Annual Openings Pct:

52.7%

Analysis of Current AI Resilience

Hospitalists

Updated Quarterly • Last Update: 2/17/2026

Analysis
Suggested Actions
State of Automation

What's changing and what's not

Hospitalists do many tasks, and AI is mostly helping with the routine ones. For example, writing discharge summaries (the notes doctors make when patients leave the hospital) has been tested. One study found ChatGPT could draft these notes about as well as a junior doctor [1].

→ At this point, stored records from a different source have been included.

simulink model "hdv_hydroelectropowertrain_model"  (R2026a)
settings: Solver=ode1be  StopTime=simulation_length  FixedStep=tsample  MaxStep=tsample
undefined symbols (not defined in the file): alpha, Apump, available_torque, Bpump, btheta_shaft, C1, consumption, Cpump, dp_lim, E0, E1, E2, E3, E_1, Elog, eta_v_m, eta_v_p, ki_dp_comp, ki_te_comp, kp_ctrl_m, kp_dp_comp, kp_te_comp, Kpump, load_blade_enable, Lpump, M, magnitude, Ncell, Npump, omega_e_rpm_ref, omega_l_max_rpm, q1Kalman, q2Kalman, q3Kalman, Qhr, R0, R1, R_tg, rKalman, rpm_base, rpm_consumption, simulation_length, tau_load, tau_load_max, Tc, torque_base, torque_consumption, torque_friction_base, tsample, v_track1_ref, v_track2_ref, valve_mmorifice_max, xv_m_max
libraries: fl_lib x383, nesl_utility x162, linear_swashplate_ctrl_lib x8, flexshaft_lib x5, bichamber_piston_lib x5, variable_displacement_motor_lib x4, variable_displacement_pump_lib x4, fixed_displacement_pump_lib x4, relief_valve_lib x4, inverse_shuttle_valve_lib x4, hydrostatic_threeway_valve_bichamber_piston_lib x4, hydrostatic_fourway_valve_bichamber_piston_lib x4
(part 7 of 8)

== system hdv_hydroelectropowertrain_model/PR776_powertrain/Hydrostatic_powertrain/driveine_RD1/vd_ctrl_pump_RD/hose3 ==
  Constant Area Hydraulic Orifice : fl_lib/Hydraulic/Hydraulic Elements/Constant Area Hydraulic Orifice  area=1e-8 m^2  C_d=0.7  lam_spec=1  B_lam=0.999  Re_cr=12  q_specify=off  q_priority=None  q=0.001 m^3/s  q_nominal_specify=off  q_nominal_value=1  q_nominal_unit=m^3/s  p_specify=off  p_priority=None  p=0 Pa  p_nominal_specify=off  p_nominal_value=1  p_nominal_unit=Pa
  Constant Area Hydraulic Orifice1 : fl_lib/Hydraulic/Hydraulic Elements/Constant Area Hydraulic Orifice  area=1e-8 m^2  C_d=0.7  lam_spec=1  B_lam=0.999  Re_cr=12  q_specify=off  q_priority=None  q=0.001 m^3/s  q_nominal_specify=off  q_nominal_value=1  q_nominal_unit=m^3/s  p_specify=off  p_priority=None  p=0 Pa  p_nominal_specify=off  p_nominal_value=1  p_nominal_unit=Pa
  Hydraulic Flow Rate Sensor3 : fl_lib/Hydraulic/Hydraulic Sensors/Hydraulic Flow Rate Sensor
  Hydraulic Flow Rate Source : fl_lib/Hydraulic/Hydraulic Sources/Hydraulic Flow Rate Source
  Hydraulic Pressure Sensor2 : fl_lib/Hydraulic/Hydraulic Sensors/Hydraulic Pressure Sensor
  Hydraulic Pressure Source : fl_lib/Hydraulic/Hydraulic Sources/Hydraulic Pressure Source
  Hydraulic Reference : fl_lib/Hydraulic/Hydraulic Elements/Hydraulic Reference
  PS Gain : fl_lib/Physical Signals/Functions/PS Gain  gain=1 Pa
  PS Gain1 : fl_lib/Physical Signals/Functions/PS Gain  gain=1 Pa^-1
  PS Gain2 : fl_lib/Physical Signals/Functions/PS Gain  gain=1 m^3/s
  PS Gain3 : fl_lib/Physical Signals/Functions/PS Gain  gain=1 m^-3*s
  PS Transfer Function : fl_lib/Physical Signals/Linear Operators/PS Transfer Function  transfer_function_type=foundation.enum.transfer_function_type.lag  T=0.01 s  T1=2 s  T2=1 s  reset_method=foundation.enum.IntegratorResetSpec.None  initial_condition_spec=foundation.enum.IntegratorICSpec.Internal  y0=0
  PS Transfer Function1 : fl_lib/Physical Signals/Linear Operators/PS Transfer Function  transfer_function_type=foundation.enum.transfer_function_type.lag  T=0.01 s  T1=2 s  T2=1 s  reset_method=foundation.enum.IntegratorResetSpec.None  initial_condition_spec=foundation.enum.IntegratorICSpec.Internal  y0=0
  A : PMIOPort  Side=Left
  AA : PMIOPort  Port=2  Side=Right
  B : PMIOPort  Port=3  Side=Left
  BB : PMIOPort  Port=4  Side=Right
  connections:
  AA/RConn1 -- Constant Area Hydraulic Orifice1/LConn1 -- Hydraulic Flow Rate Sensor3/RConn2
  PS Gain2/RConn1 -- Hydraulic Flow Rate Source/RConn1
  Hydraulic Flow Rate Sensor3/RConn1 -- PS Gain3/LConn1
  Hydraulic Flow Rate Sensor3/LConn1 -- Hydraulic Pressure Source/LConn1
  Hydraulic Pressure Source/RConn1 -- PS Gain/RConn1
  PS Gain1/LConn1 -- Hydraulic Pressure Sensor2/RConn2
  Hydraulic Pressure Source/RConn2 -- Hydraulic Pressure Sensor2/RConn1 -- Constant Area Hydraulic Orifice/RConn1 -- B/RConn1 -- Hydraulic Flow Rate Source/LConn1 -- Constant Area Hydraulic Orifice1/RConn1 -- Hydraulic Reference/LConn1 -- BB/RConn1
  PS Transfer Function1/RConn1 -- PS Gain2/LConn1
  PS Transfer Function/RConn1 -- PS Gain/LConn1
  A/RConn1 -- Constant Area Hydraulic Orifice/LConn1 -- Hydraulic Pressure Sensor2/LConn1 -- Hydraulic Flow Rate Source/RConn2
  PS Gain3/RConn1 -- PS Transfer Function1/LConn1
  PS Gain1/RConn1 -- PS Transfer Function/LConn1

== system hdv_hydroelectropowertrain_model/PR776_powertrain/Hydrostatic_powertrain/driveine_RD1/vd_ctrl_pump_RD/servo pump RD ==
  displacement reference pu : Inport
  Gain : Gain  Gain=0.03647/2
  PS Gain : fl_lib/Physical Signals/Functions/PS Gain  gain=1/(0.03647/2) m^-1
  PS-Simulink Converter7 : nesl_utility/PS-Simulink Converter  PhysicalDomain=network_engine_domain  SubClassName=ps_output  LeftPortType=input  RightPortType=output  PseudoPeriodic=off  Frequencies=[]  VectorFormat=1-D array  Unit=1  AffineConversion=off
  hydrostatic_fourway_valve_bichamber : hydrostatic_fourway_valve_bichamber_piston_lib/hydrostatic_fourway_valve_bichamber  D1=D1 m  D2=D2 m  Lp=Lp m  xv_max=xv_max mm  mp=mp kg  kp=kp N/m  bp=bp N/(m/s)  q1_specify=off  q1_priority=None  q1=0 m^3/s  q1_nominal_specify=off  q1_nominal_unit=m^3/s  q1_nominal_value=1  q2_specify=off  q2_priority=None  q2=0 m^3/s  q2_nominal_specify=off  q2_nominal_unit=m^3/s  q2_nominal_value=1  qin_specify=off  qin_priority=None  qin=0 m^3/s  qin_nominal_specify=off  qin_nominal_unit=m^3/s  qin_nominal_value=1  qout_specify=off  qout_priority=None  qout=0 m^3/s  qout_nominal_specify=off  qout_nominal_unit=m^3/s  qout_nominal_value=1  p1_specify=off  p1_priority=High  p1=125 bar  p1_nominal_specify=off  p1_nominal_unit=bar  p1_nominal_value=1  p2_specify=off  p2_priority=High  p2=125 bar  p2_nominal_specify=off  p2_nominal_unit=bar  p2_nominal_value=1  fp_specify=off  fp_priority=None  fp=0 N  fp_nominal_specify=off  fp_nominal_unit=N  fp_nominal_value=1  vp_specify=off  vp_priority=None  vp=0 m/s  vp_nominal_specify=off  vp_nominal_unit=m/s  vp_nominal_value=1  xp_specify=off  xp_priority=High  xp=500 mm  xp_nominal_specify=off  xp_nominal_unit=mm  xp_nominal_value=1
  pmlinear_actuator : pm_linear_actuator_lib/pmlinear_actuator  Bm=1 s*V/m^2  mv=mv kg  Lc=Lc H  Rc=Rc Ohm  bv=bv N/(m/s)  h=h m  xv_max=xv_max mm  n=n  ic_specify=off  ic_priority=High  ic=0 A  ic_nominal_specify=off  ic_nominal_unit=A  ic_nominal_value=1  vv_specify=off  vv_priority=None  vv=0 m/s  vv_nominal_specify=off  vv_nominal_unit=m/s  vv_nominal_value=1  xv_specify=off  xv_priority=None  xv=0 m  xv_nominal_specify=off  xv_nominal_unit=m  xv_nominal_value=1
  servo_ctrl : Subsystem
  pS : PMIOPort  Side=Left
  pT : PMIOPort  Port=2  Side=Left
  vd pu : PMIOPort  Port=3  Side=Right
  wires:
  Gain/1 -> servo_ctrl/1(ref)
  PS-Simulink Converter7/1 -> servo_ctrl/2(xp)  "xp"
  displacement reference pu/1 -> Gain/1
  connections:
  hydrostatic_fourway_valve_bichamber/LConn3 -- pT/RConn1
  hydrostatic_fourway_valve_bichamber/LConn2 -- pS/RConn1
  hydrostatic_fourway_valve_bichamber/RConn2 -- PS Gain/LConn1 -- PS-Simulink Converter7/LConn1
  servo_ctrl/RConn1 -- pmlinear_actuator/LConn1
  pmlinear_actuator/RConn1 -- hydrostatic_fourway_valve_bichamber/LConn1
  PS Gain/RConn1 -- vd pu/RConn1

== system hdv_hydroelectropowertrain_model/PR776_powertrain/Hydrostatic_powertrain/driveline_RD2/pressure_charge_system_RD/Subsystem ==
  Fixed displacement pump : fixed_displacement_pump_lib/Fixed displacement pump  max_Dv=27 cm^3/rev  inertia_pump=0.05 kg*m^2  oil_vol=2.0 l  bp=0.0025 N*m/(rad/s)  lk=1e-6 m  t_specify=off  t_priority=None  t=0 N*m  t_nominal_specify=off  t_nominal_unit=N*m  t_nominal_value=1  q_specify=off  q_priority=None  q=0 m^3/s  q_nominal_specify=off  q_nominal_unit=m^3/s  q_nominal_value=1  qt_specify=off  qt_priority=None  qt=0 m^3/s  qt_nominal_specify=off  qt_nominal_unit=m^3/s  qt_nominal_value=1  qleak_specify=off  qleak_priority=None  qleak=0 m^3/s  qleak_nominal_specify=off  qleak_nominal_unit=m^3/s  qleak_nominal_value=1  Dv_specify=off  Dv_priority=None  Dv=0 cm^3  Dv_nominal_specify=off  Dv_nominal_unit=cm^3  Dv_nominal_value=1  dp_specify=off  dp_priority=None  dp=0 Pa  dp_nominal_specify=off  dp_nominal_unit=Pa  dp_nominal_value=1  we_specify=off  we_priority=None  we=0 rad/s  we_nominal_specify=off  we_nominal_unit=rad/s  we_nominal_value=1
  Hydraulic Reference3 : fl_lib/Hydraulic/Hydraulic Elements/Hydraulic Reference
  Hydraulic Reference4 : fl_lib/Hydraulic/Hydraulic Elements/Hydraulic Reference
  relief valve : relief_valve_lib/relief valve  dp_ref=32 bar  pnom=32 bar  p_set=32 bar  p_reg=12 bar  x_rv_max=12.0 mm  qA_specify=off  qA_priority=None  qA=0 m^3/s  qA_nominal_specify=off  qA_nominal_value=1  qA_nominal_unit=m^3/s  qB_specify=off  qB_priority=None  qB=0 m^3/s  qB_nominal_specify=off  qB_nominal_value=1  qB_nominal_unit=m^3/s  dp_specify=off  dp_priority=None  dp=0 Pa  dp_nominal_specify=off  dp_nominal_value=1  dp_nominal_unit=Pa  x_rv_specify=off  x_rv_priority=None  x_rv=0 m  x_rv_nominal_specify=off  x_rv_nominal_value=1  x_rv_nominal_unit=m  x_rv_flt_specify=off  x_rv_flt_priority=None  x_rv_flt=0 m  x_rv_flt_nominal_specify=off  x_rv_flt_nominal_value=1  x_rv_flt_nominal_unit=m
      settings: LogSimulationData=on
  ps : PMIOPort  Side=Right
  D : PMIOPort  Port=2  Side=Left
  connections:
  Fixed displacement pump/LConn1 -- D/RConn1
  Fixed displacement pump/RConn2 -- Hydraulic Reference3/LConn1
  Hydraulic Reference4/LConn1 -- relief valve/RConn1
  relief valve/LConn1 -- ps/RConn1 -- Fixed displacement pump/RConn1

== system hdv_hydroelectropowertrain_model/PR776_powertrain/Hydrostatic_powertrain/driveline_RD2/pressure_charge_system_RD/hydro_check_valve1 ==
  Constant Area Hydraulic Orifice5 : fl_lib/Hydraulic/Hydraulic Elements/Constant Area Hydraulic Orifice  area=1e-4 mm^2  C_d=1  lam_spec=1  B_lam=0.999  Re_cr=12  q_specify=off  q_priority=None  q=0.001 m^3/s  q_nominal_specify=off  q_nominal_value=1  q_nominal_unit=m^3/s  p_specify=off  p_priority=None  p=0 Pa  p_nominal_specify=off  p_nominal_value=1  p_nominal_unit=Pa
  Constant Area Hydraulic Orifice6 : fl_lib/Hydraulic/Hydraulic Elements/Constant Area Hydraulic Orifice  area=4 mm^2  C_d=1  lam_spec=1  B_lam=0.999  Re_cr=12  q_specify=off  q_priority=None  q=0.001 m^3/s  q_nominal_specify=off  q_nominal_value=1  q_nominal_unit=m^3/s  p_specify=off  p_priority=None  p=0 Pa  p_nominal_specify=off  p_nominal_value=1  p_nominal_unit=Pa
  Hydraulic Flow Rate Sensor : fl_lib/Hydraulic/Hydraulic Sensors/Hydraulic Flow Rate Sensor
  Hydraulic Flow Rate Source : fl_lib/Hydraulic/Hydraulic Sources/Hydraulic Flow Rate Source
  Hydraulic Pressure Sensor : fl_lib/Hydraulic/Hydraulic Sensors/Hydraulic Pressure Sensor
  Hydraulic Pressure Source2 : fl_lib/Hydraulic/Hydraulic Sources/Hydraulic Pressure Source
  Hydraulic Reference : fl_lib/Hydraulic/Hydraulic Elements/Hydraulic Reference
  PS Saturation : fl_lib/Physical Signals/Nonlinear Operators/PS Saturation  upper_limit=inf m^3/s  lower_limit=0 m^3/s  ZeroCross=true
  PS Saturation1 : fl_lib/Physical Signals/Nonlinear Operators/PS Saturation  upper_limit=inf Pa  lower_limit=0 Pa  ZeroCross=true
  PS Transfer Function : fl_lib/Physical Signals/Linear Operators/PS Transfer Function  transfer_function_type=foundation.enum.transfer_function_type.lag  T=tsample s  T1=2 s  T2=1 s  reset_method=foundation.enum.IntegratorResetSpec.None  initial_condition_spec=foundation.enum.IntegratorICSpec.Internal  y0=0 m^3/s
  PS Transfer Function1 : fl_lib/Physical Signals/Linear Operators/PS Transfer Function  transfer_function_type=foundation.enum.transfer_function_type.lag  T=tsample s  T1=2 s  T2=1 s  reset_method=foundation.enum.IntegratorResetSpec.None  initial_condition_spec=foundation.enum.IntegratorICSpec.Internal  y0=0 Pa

However, other research shows much of the needed information isn’t in the electronic chart, so doctors still have to add details from memory [1]. In practice, AI might give a first draft that the doctor edits. Similarly, hospitals are using AI models to predict which emergency patients will need to be admitted [1].

These tools help plan bed assignments, but the final admission decision stays with the doctor.

AI is also common in reading tests. Many physicians see AI as a useful assistant for finding issues on X-rays [1]. New AI systems that combine X-ray images with patient data can diagnose some conditions even more accurately [2].

In labs and prescriptions, AI can flag unusual results or suggest medicines [1] [1]. Still, human doctors double-check every AI suggestion. Other tasks – like training medical students or keeping up with new knowledge – remain mostly human.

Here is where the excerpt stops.